Single by Usher

from the album 8701
- Released: March 11, 2002
- Length: 3:09
- Label: Arista
- Songwriters: Usher Raymond; Jermaine Dupri; Bryan-Michael Cox;
- Producer: Jermaine Dupri

Usher singles chronology
| "I Need a Girl (Part One)" (2002) | "U-Turn" (2002) | "Can U Help Me" (2002) |

Music video
- "U-Turn" on YouTube

= U-Turn (song) =

2002 single by Usher

"U-Turn" is a song by American singer Usher.
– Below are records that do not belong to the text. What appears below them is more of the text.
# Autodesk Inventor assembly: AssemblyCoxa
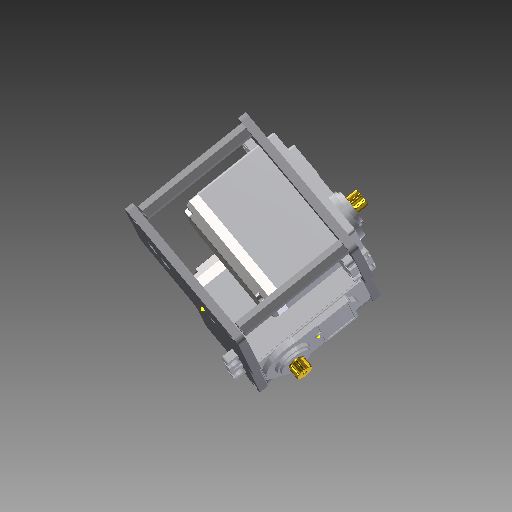
[picture p0: Inventor's stored thumbnail of the model, 512x512]
Saved by Autodesk Inventor 2019 (Build 230136000, 136)
## iProperties
Created: 2023-04-16
Part Number: AssemblyCoxa
Document SubType Name: Assembly
Designer: Analuam
Author: Analuam
## Documents named in this file (9)
- D:\Dek Diyah\AssemblyCoxa.iam
- D:\Dek Diyah\servomg996r\Base.ipt
- D:\Dek Diyah\servomg996r\Eje.ipt
- D:\Dek Diyah\servomg996r\Medio.ipt
- D:\Dek Diyah\servomg996r\Top.ipt
- D:\Dek Diyah\coxa.ipt
- D:\Dek Diyah\coxaa.ipt
- D:\Dek Diyah\Servo berputar.iam
- D:\Dek Diyah\spacer 5cm.ipt
## Components (10 placed, 8 different names)
1. Base:1 — Flush:3, Flush:4, Flush:5, Flush:6, Flush:7, Mate:2
2. Eje:1 — Cylindrical:1, Mate:4
3. Medio:1 — Flush:1, Flush:2, Mate:1, Flush:3, Flush:4, Flush:5, Flush:6, Flush:7, Mate:2, Mate:6
4. Top:1 — Flush:1, Flush:2, Mate:1, Cylindrical:1, Mate:4, Mate:7, Mate:8
5. coxa:1 — Flush:8, Flush:9, Mate:12
6. coxaa:1 — Mate:6, Mate:7, Mate:8, Flush:8, Flush:9, Mate:9, Mate:10, Mate:11, Tangent:1, Mate:13, Mate:14, Mate:15, Insert:1
7. Servo berputar:1 [sub-assembly] — Mate:9, Mate:10, Mate:11, Mate:12
8. spacer 5cm:1 — Tangent:1, Mate:13
9. spacer 5cm:2 — Mate:14, Mate:15
10. spacer 5cm:3 — Insert:1
## Relationships (25: Mate 13, Flush 9, CylindricalJoint 1, Tangent 1, Insert 1)
- Flush:1: Medio:1 ↔ Top:1
- Flush:2: Medio:1 ↔ Top:1
- Mate:1: Medio:1 ↔ Top:1
- Flush:3: Base:1 ↔ Medio:1
- Flush:4: Base:1 ↔ Medio:1
- Flush:5: Base:1 ↔ Medio:1
- Flush:6: Base:1 ↔ Medio:1
- Flush:7: Base:1 ↔ Medio:1
- Mate:2: Base:1 ↔ Medio:1
- Cylindrical:1: Eje:1 ↔ Top:1
- Mate:4: Eje:1 ↔ Top:1
- Mate:6: Medio:1 ↔ coxaa:1
- Mate:7: Top:1 ↔ coxaa:1
- Mate:8: Top:1 ↔ coxaa:1
- Flush:8: coxa:1 ↔ coxaa:1
- Flush:9: coxa:1 ↔ coxaa:1
- Mate:9: coxaa:1 ↔ Servo berputar:1
- Mate:10: coxaa:1 ↔ Servo berputar:1
- Mate:11: coxaa:1 ↔ Servo berputar:1
- Mate:12: coxa:1 ↔ Servo berputar:1
- Tangent:1: coxaa:1 ↔ spacer 5cm:1
- Mate:13: coxaa:1 ↔ spacer 5cm:1
- Mate:14: coxaa:1 ↔ spacer 5cm:2
- Mate:15: coxaa:1 ↔ spacer 5cm:2
- Insert:1: coxaa:1 ↔ spacer 5cm:3

It written by Usher, Jermaine Dupri, and Bryan-Michael Cox for his third studio album, 8701 (2001), while production was helmed by Dupri and Cox. The song also references Michael Jackson and Bobby Brown and also refers to the crunk style of rap making it one of the first mainstream R&B tracks to refer to that style.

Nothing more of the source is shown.